Fluid Driven by Electroosmosis
In the microfluidic devices of the invention the fluid is driven, at least in part, by electroosmotic pumping. Provided that electroosmotic force contributes, at least partly, to the velocity of a fluid flowing in a capillary or in a microfluidic device, the fluid is considered as driven by electroosmosis. Preferably, the flow velocity of the fluid is determined decisively by the electroosmotic effect.
Manipulating Flow Properties
“Manipulating flow properties” is meant as modifying or altering the magnitude and/or the direction of the flow velocity of a fluid driven by electroosmosis in a microfluidic device. In the simplest case the fluid flow is slowed down or accelerated.

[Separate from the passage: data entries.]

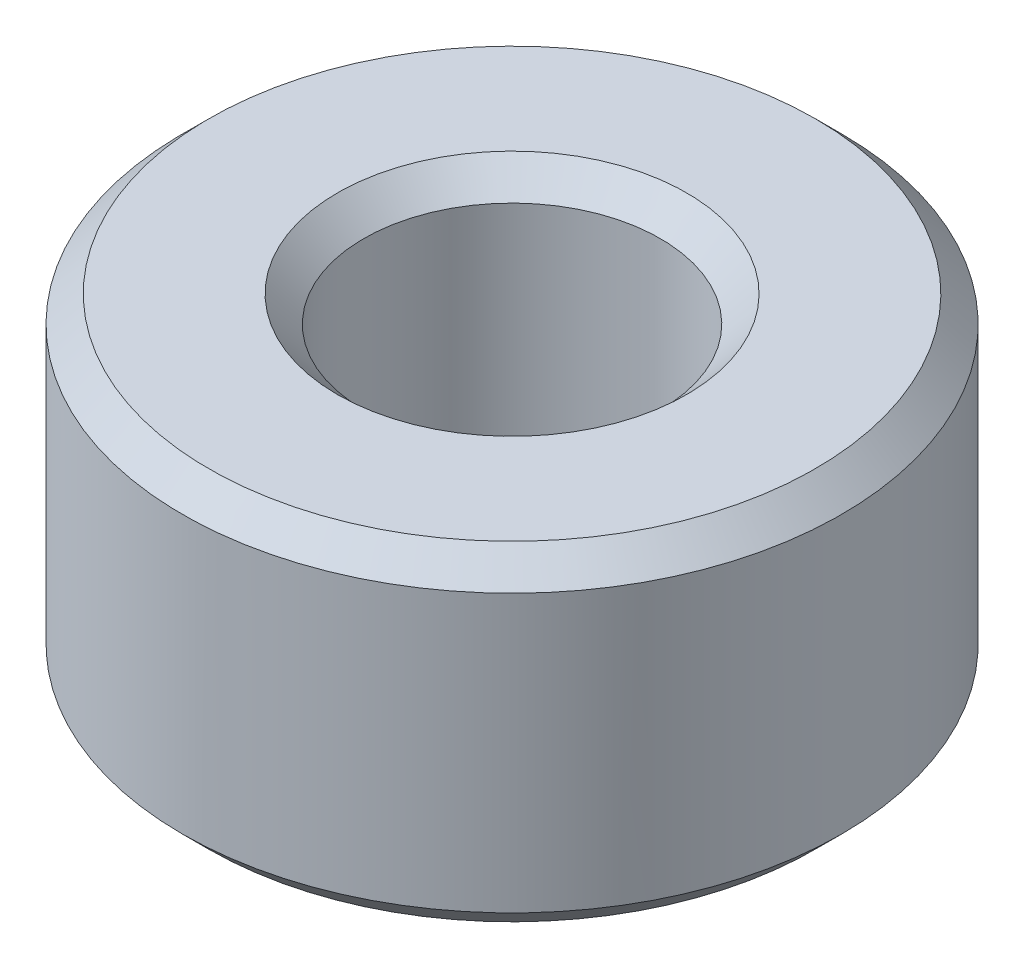
SolidWorks part; units mm, degrees
material "PET"
ref_plane "Front Plane" through (0, 0, 0) normal (0, 0, 1) x (1, 0, 0)
ref_plane "Top Plane" through (0, 0, 0) normal (0, 1, 0) x (1, 0, 0)
ref_plane "Right Plane" through (0, 0, 0) normal (1, 0, 0) x (0, 0, -1)
sketch "body_sketch" plane through (0, 0, 0) normal (0, 1, 0) x (1, 0, 0)
  circle A0 centre (0, 0) radius 5
  circle A1 centre (0, 0) radius 2.25
  dimension "D1" = 4.5
  dimension "D2" = 10
extrude "body" add sketch "body_sketch" along normal blind 5
chamfer "chamfers" distance 0.4 angle 45 4 edges at (0, 0, 5) (0, 0, 2.25) (0, 5, 5) (0, 5, 2.25)

However, if the light sensitive superficial material is illuminated and an appropriate geometry is provided the direction of the flow can be modified as well.
Surface Adjacent to a Fluid
A “surface adjacent to a fluid” is meant herein as the surface of a microspace or microchannel being in contact with the flowing fluid. In practice the surface is a thin layer of finite thickness and its material property defines the electroosmotic flow under the given physical conditions. According to the invention a material property of at least a part of the surface adjacent to a fluid may change due to a modification in the illumination. Such a surface, forming boundary of a fluid and having a property changeable by the action of light, may be prepared e.g. by creating a coating, preferably a thin layer, of a light sensitive material.
Light
The term “light” in the specification covers both visible and non-visible light, e.g. preferably includes ultraviolet, visible and infrared light. For practical applications light within the 400 to 700 nm wavelength (i.e. substantially the visible) range appears to be advantageous. It is to be noted that use of monochromatic light (e.g. laser) may often be preferred. The light to be used depends of course from the light sensitive material applied.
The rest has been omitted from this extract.